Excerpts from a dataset
★ ★ ★ ★ ★ ★ ★
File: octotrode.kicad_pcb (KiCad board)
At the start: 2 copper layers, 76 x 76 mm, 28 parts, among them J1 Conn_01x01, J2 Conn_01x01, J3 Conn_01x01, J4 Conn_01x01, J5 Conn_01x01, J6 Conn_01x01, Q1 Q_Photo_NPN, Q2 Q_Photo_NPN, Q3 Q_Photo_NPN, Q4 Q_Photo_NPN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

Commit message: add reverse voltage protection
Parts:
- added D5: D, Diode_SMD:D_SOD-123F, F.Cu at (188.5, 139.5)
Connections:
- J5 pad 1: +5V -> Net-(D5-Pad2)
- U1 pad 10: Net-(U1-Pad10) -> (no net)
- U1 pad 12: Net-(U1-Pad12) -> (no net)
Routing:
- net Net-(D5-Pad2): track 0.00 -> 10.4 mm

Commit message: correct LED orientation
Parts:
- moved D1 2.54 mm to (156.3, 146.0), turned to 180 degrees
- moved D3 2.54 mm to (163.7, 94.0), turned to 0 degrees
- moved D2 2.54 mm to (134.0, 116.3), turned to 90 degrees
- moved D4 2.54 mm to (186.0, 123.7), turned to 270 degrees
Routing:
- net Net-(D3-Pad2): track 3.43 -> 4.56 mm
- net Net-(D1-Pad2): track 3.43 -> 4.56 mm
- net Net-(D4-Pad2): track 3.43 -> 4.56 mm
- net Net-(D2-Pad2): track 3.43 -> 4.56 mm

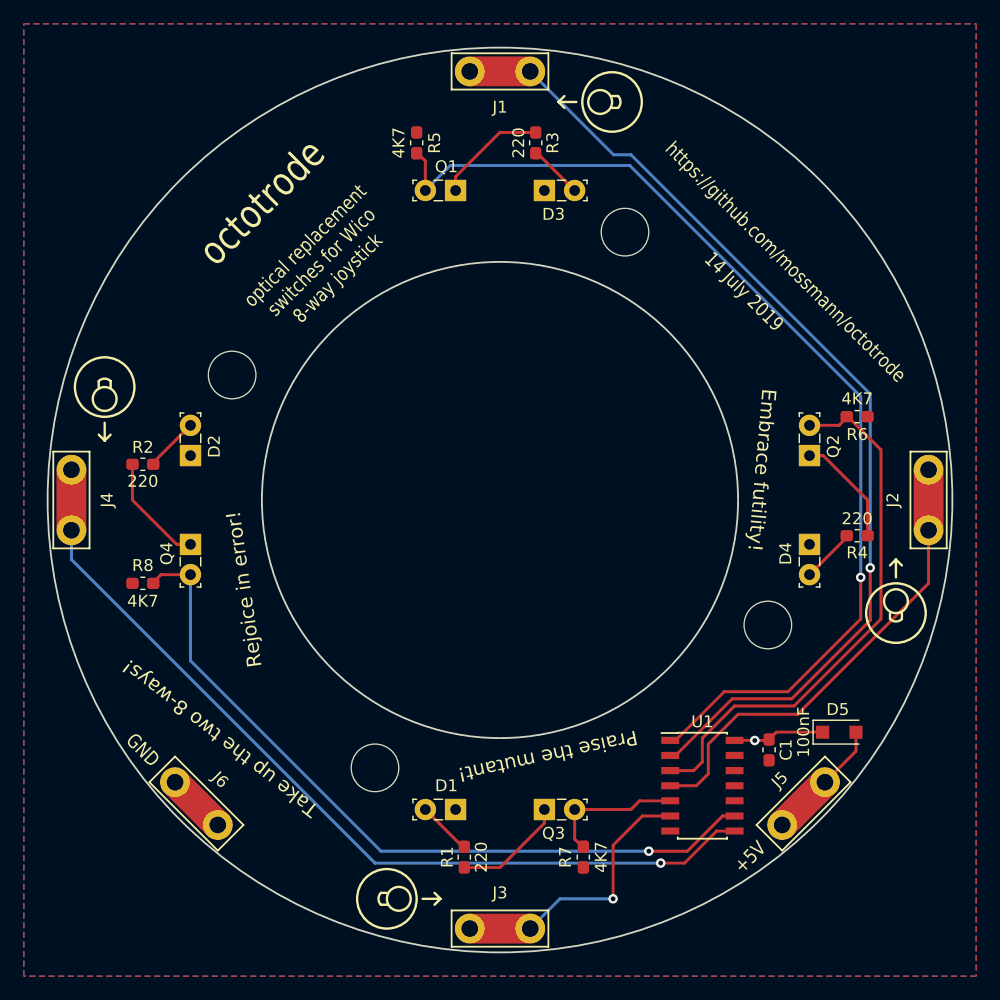
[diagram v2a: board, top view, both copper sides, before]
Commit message: widen optics position, shrink board
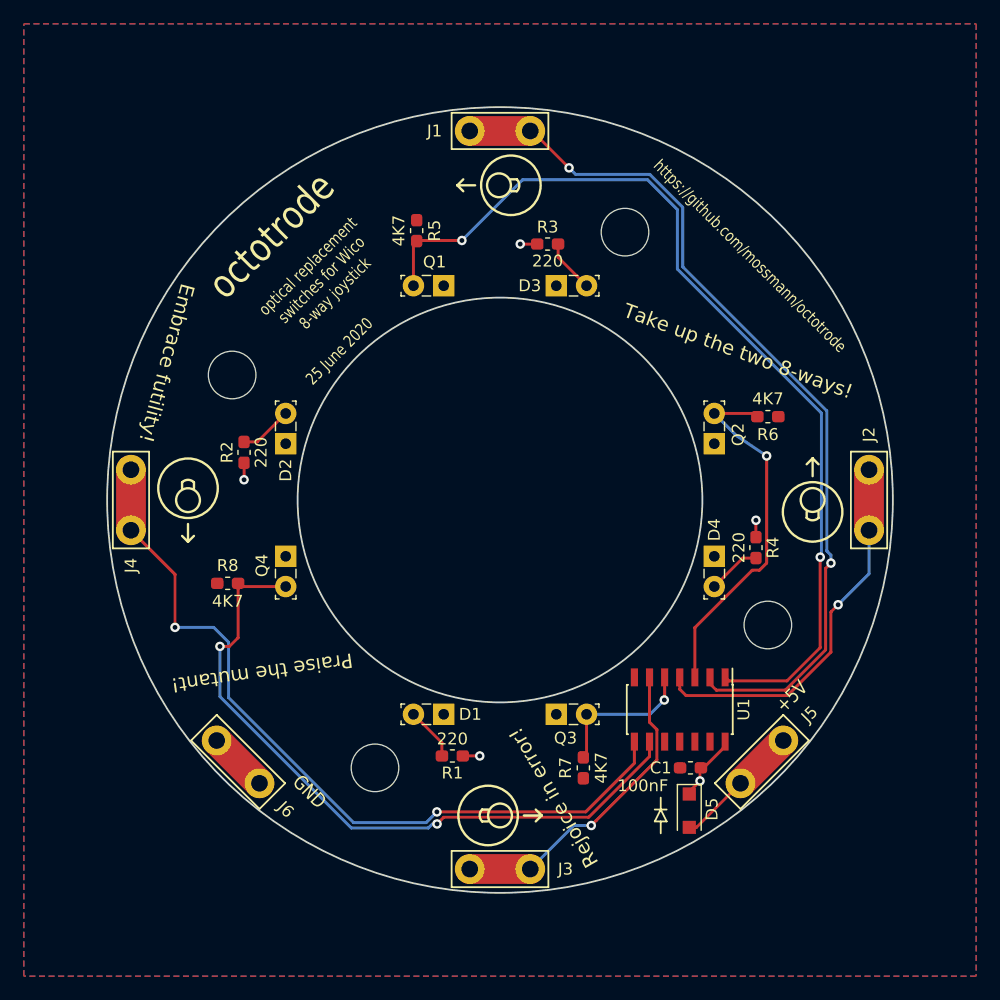
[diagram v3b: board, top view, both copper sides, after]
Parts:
- moved D5 14.2 mm to (175.9, 146.1), turned to 270 degrees
- moved R1 8.56 mm to (156.0, 141.5), turned to 180 degrees
- moved R2 8.56 mm to (138.5, 116.0), turned to 90 degrees
- moved R3 8.56 mm to (164.0, 98.5), turned to 0 degrees
- moved R4 8.56 mm to (181.5, 124.0), turned to 270 degrees
- moved D1 8.06 mm to (155.3, 138.0)
- moved D2 8.06 mm to (142.0, 115.3)
- moved D3 8.06 mm to (164.7, 102.0)
- moved D4 8.06 mm to (178.0, 124.7)
- moved Q1 8.06 mm to (155.3, 102.0)
- moved Q2 8.06 mm to (178.0, 115.3)
- moved Q3 8.06 mm to (164.7, 138.0)
- moved Q4 8.06 mm to (142.0, 124.7)
- moved R6 7.50 mm to (182.5, 113.0)
- moved R7 7.50 mm to (167.0, 142.5)
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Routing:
- net +5V: track 45.3 -> 11.5 mm, vias 1 -> 5
- net Net-(Q2-Pad2): track 45.8 -> 30.9 mm, vias 0 -> 1
- net Net-(J1-Pad1): track 85.4 -> 74.9 mm, vias 1 -> 2
- net Net-(J4-Pad1): track 74.9 -> 66.8 mm, vias 1 -> 2
- net Net-(Q1-Pad2): track 87.9 -> 80.1 mm, vias 1 -> 2
- net Net-(J2-Pad1): track 39.7 -> 32.1 mm, vias 0 -> 1
- net Net-(Q4-Pad2): track 64.3 -> 59.3 mm, vias 1 -> 2
- net Net-(J3-Pad1): track 23.4 -> 26.7 mm
- net Net-(Q3-Pad2): track 11.8 -> 12.7 mm, vias 0 -> 1
- net Net-(D5-Pad2): track 10.4 -> 10.9 mm
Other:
- board size 76 x 76 mm -> 66 x 66 mm
- rule pad_to_mask_clearance: 0.051 -> 0.0508
- board text added: "25 June 2020"
- board text removed: "14 July 2019"

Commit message: update license and bill of materials
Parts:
- added REF**: OSHW-Logo2_7.3x6mm_SilkScreen, Symbol:OSHW-Logo2_7.3x6mm_SilkScreen, F.Cu at (177.7, 101.5)
★ ★ ★ ★ ★ ★ ★
> WHAT IS EXPECTED: Transcribe all records verbatim, no pictures.

> TASK OUTPUT:
File: octotrode.kicad_pcb (KiCad board)
At the start: 2 copper layers, 76 x 76 mm, 28 parts, among them J1 Conn_01x01, J2 Conn_01x01, J3 Conn_01x01, J4 Conn_01x01, J5 Conn_01x01, J6 Conn_01x01, Q1 Q_Photo_NPN, Q2 Q_Photo_NPN, Q3 Q_Photo_NPN, Q4 Q_Photo_NPN

Commit message: add reverse voltage protection
Parts:
- added D5: D, Diode_SMD:D_SOD-123F, F.Cu at (188.5, 139.5)
Connections:
- J5 pad 1: +5V -> Net-(D5-Pad2)
- U1 pad 10: Net-(U1-Pad10) -> (no net)
- U1 pad 12: Net-(U1-Pad12) -> (no net)
Routing:
- net Net-(D5-Pad2): track 0.00 -> 10.4 mm

Commit message: correct LED orientation
Parts:
- moved D1 2.54 mm to (156.3, 146.0), turned to 180 degrees
- moved D3 2.54 mm to (163.7, 94.0), turned to 0 degrees
- moved D2 2.54 mm to (134.0, 116.3), turned to 90 degrees
- moved D4 2.54 mm to (186.0, 123.7), turned to 270 degrees
Routing:
- net Net-(D3-Pad2): track 3.43 -> 4.56 mm
- net Net-(D1-Pad2): track 3.43 -> 4.56 mm
- net Net-(D4-Pad2): track 3.43 -> 4.56 mm
- net Net-(D2-Pad2): track 3.43 -> 4.56 mm

[diagram v2a: board, top view, both copper sides, before]
Commit message: widen optics position, shrink board
[diagram v3b: board, top view, both copper sides, after]
Parts:
- moved D5 14.2 mm to (175.9, 146.1), turned to 270 degrees
- moved R1 8.56 mm to (156.0, 141.5), turned to 180 degrees
- moved R2 8.56 mm to (138.5, 116.0), turned to 90 degrees
- moved R3 8.56 mm to (164.0, 98.5), turned to 0 degrees
- moved R4 8.56 mm to (181.5, 124.0), turned to 270 degrees
- moved D1 8.06 mm to (155.3, 138.0)
- moved D2 8.06 mm to (142.0, 115.3)
- moved D3 8.06 mm to (164.7, 102.0)
- moved D4 8.06 mm to (178.0, 124.7)
- moved Q1 8.06 mm to (155.3, 102.0)
- moved Q2 8.06 mm to (178.0, 115.3)
- moved Q3 8.06 mm to (164.7, 138.0)
- moved Q4 8.06 mm to (142.0, 124.7)
- moved R6 7.50 mm to (182.5, 113.0)
- moved R7 7.50 mm to (167.0, 142.5)
Routing:
- net +5V: track 45.3 -> 11.5 mm, vias 1 -> 5
- net Net-(Q2-Pad2): track 45.8 -> 30.9 mm, vias 0 -> 1
- net Net-(J1-Pad1): track 85.4 -> 74.9 mm, vias 1 -> 2
- net Net-(J4-Pad1): track 74.9 -> 66.8 mm, vias 1 -> 2
- net Net-(Q1-Pad2): track 87.9 -> 80.1 mm, vias 1 -> 2
- net Net-(J2-Pad1): track 39.7 -> 32.1 mm, vias 0 -> 1
- net Net-(Q4-Pad2): track 64.3 -> 59.3 mm, vias 1 -> 2
- net Net-(J3-Pad1): track 23.4 -> 26.7 mm
- net Net-(Q3-Pad2): track 11.8 -> 12.7 mm, vias 0 -> 1
- net Net-(D5-Pad2): track 10.4 -> 10.9 mm
Other:
- board size 76 x 76 mm -> 66 x 66 mm
- rule pad_to_mask_clearance: 0.051 -> 0.0508
- board text added: "25 June 2020"
- board text removed: "14 July 2019"

Commit message: update license and bill of materials
Parts:
- added REF**: OSHW-Logo2_7.3x6mm_SilkScreen, Symbol:OSHW-Logo2_7.3x6mm_SilkScreen, F.Cu at (177.7, 101.5)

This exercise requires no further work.